ここまで書いた上で、どうしても言っておきたいことがある。新作のうる星やつらから、人を楽しませようという気が感じられないのだ。これは具体的な例はなく、直感的なものだ。確かに新作でもキャラクターはしゃべり、ドタバタ劇を演じているのだが、心のどこかに出来の悪い高校生の演劇を見ているような気持ちになるのだ。スタッフ全体が、アニメを作るのが精一杯で、それを見た人の気持ちまで考えられていないように思う。
これが昨今のコロナによる影響なのか、制作体制の問題なのか、3DCGの利用による弊害なのかはわからない。
ただ、なんとなく、アニメの未来は暗い。そんな気になるのだ。
技術は上がってるはずなのになぜ30年前のアニメより動かないのか?
散々書いてきたが、アニメーションは動いてなんぼの世界だ。
コンピューターの発達によりアニメ作りはかなり効率化されているはずである。それなのに、この程度のクオリティしか出せないのはなぜなのか。30年前のアニメよりも動かないというのは大問題だと思う。30年前の車と今の車で、30年前の方が馬力や燃費が良かったら皆さんはどう思うだろうか。

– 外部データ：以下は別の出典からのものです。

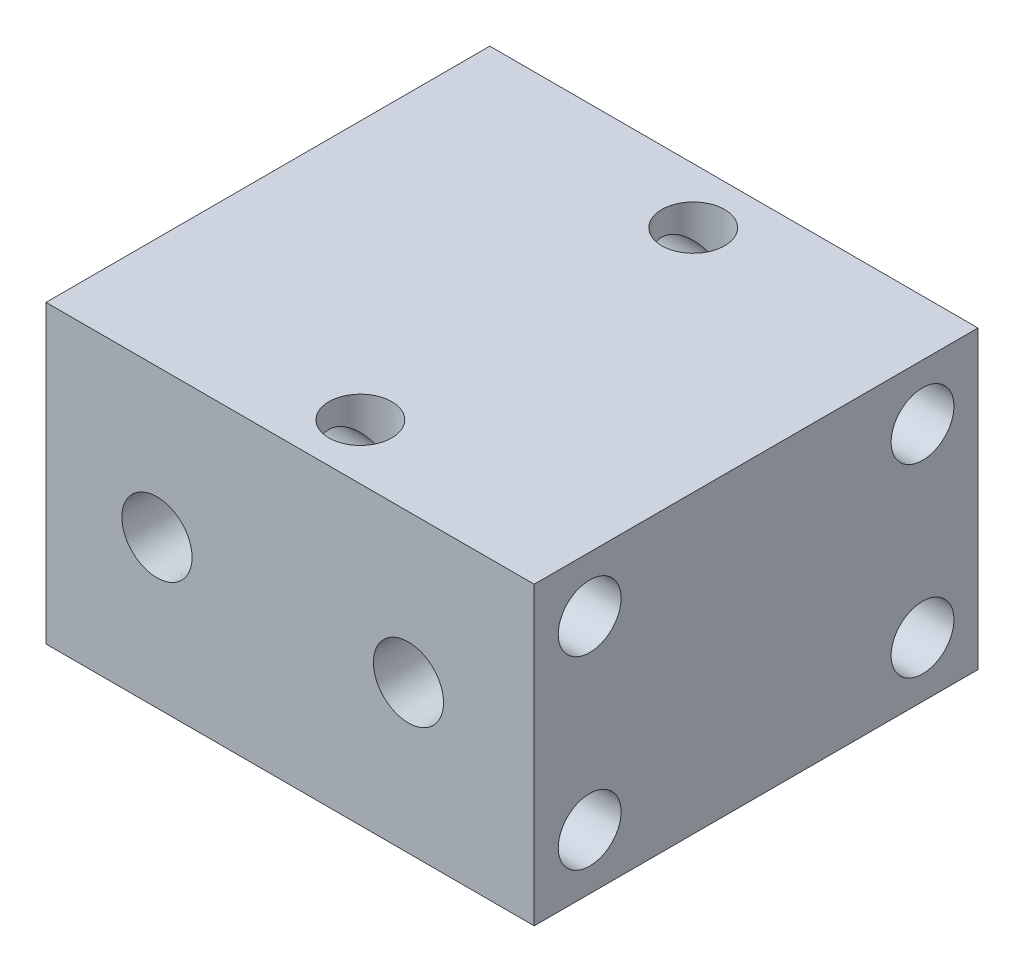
ISO-10303-21;
HEADER;
FILE_DESCRIPTION(('STEP AP214'),'2;1');
FILE_NAME('part.step','',(''),(''),'','','');
FILE_SCHEMA(('AUTOMOTIVE_DESIGN { 1 0 10303 214 1 1 1 1 }'));
ENDSEC;
DATA;
#1=APPLICATION_CONTEXT('core data for automotive mechanical design processes');
#2=APPLICATION_PROTOCOL_DEFINITION('international standard','automotive_design',2000,#1);
#3=PRODUCT_CONTEXT('',#1,'mechanical');
#4=PRODUCT('Part','Part','',(#3));
#5=PRODUCT_RELATED_PRODUCT_CATEGORY('part','',(#4));
#6=PRODUCT_DEFINITION_FORMATION('','',#4);
#7=PRODUCT_DEFINITION_CONTEXT('part definition',#1,'design');
#8=PRODUCT_DEFINITION('design','',#6,#7);
#9=PRODUCT_DEFINITION_SHAPE('','',#8);
#10=(LENGTH_UNIT() NAMED_UNIT(*) SI_UNIT(.MILLI.,.METRE.));
#11=(NAMED_UNIT(*) PLANE_ANGLE_UNIT() SI_UNIT($,.RADIAN.));
#12=(NAMED_UNIT(*) SI_UNIT($,.STERADIAN.) SOLID_ANGLE_UNIT());
#13=UNCERTAINTY_MEASURE_WITH_UNIT(LENGTH_MEASURE(1.E-05),#10,'distance_accuracy_value','');
#14=(GEOMETRIC_REPRESENTATION_CONTEXT(3) GLOBAL_UNCERTAINTY_ASSIGNED_CONTEXT((#13)) GLOBAL_UNIT_ASSIGNED_CONTEXT((#10,
#11,#12)) REPRESENTATION_CONTEXT('',''));
#15=CARTESIAN_POINT('',(0.,0.,0.));
#16=DIRECTION('',(0.,0.,1.));
#17=DIRECTION('',(1.,0.,0.));
#18=AXIS2_PLACEMENT_3D('',#15,#16,#17);
#19=CARTESIAN_POINT('',(2.00000000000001,40.,22.5));
#20=DIRECTION('',(0.,-1.,0.));
#21=DIRECTION('',(0.,0.,-1.));
#22=AXIS2_PLACEMENT_3D('',#19,#20,#21);
#23=CYLINDRICAL_SURFACE('',#22,4.25);
#24=CARTESIAN_POINT('',(2.00000000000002,7.49999999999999,22.5));
#25=DIRECTION('',(-0.707106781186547,-0.707106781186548,0.));
#26=DIRECTION('',(0.707106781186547,-0.707106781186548,0.));
#27=AXIS2_PLACEMENT_3D('',#24,#25,#26);
#28=ELLIPSE('',#27,6.01040764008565,4.25);
#29=CARTESIAN_POINT('',(2.00000000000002,7.49999999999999,18.25));
#30=VERTEX_POINT('',#29);
#31=CARTESIAN_POINT('',(2.00000000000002,7.49999999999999,26.75));
#32=VERTEX_POINT('',#31);
#33=EDGE_CURVE('E11',#30,#32,#28,.F.);
#34=ORIENTED_EDGE('',*,*,#33,.F.);
#35=CARTESIAN_POINT('',(2.00000000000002,7.49999999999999,22.5));
#36=DIRECTION('',(0.707106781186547,-0.707106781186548,0.));
#37=DIRECTION('',(-0.707106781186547,-0.707106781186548,0.));
#38=AXIS2_PLACEMENT_3D('',#35,#36,#37);
#39=ELLIPSE('',#38,6.01040764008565,4.25);
#40=EDGE_CURVE('E52',#32,#30,#39,.F.);
#41=ORIENTED_EDGE('',*,*,#40,.F.);
#42=EDGE_LOOP('',(#34,#41));
#43=FACE_BOUND('',#42,.T.);
#44=CARTESIAN_POINT('',(2.00000000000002,32.5,22.5));
#45=DIRECTION('',(-0.707106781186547,-0.707106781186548,0.));
#46=DIRECTION('',(0.707106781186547,-0.707106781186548,0.));
#47=AXIS2_PLACEMENT_3D('',#44,#45,#46);
#48=ELLIPSE('',#47,6.01040764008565,4.25);
#49=CARTESIAN_POINT('',(2.00000000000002,32.5,18.25));
#50=VERTEX_POINT('',#49);
#51=CARTESIAN_POINT('',(2.00000000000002,32.5,26.75));
#52=VERTEX_POINT('',#51);
#53=EDGE_CURVE('E121',#50,#52,#48,.T.);
#54=ORIENTED_EDGE('',*,*,#53,.F.);
#55=CARTESIAN_POINT('',(2.00000000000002,32.5,22.5));
#56=DIRECTION('',(0.707106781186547,-0.707106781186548,0.));
#57=DIRECTION('',(-0.707106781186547,-0.707106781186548,0.));
#58=AXIS2_PLACEMENT_3D('',#55,#56,#57);
#59=ELLIPSE('',#58,6.01040764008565,4.25);
#60=EDGE_CURVE('E123',#52,#50,#59,.T.);
#61=ORIENTED_EDGE('',*,*,#60,.F.);
#62=EDGE_LOOP('',(#54,#61));
#63=FACE_BOUND('',#62,.T.);
#64=ADVANCED_FACE('F38',(#43,#63),#23,.F.);
#65=CARTESIAN_POINT('',(2.00000000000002,32.5,22.5));
#66=DIRECTION('',(-0.707106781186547,-0.707106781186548,0.));
#67=DIRECTION('',(0.707106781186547,-0.707106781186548,0.));
#68=AXIS2_PLACEMENT_3D('',#65,#66,#67);
#69=ELLIPSE('',#68,6.01040764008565,4.25);
#70=EDGE_CURVE('E113',#50,#52,#69,.F.);
#71=ORIENTED_EDGE('',*,*,#70,.F.);
#72=CARTESIAN_POINT('',(2.00000000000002,32.5,22.5));
#73=DIRECTION('',(0.707106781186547,-0.707106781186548,0.));
#74=DIRECTION('',(-0.707106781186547,-0.707106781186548,0.));
#75=AXIS2_PLACEMENT_3D('',#72,#73,#74);
#76=ELLIPSE('',#75,6.01040764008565,4.25);
#77=EDGE_CURVE('E59',#52,#50,#76,.F.);
#78=ORIENTED_EDGE('',*,*,#77,.F.);
#79=EDGE_LOOP('',(#71,#78));
#80=FACE_BOUND('',#79,.T.);
#81=CARTESIAN_POINT('',(2.00000000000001,40.,22.5));
#82=DIRECTION('',(0.,1.,0.));
#83=DIRECTION('',(0.,0.,1.));
#84=AXIS2_PLACEMENT_3D('',#81,#82,#83);
#85=CIRCLE('',#84,4.25);
#86=CARTESIAN_POINT('',(2.00000000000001,40.,26.75));
#87=VERTEX_POINT('',#86);
#88=EDGE_CURVE('E191',#87,#87,#85,.T.);
#89=ORIENTED_EDGE('',*,*,#88,.T.);
#90=EDGE_LOOP('',(#89));
#91=FACE_BOUND('',#90,.T.);
#92=ADVANCED_FACE('F302',(#80,#91),#23,.F.);
#93=CARTESIAN_POINT('',(2.00000000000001,40.,-22.5));
#94=DIRECTION('',(0.,-1.,0.));
#95=DIRECTION('',(0.,0.,-1.));
#96=AXIS2_PLACEMENT_3D('',#93,#94,#95);
#97=CYLINDRICAL_SURFACE('',#96,4.25);
#98=CARTESIAN_POINT('',(2.00000000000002,7.49999999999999,-22.5));
#99=DIRECTION('',(-0.707106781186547,-0.707106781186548,0.));
#100=DIRECTION('',(0.707106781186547,-0.707106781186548,0.));
#101=AXIS2_PLACEMENT_3D('',#98,#99,#100);
#102=ELLIPSE('',#101,6.01040764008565,4.25);
#103=CARTESIAN_POINT('',(2.00000000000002,7.49999999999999,-26.75));
#104=VERTEX_POINT('',#103);
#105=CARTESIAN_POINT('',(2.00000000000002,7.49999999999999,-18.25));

ラムちゃんの笑顔もあたるの言動も、ひどく滑稽に見えてきてしまう。
単純にもっと動かせないものかと疑問に思ってしまうのだ。
もっと動かせ・・・もっと動いてくれ
昨今のアニメが動かないこと自体は私も良く知っている。
だが、うる星やつらというアニメでそれを実行してほしくはなかった。
なぜうる星やつらが面白かったのか、今一度制作サイドに考え直してほしい。出なければ、この新うる星やつらから始めて高橋留美子の世界に入ってきた人が「なんだ、この程度か」と思い、結局旧ファンも呆れさせ新規獲得にも至れない失敗作が出来上がり続けてしまう。
どうか、どうかお願いだから、30年前のクリエイターに笑われないような面白いアニメを作ってほしいと切に願う。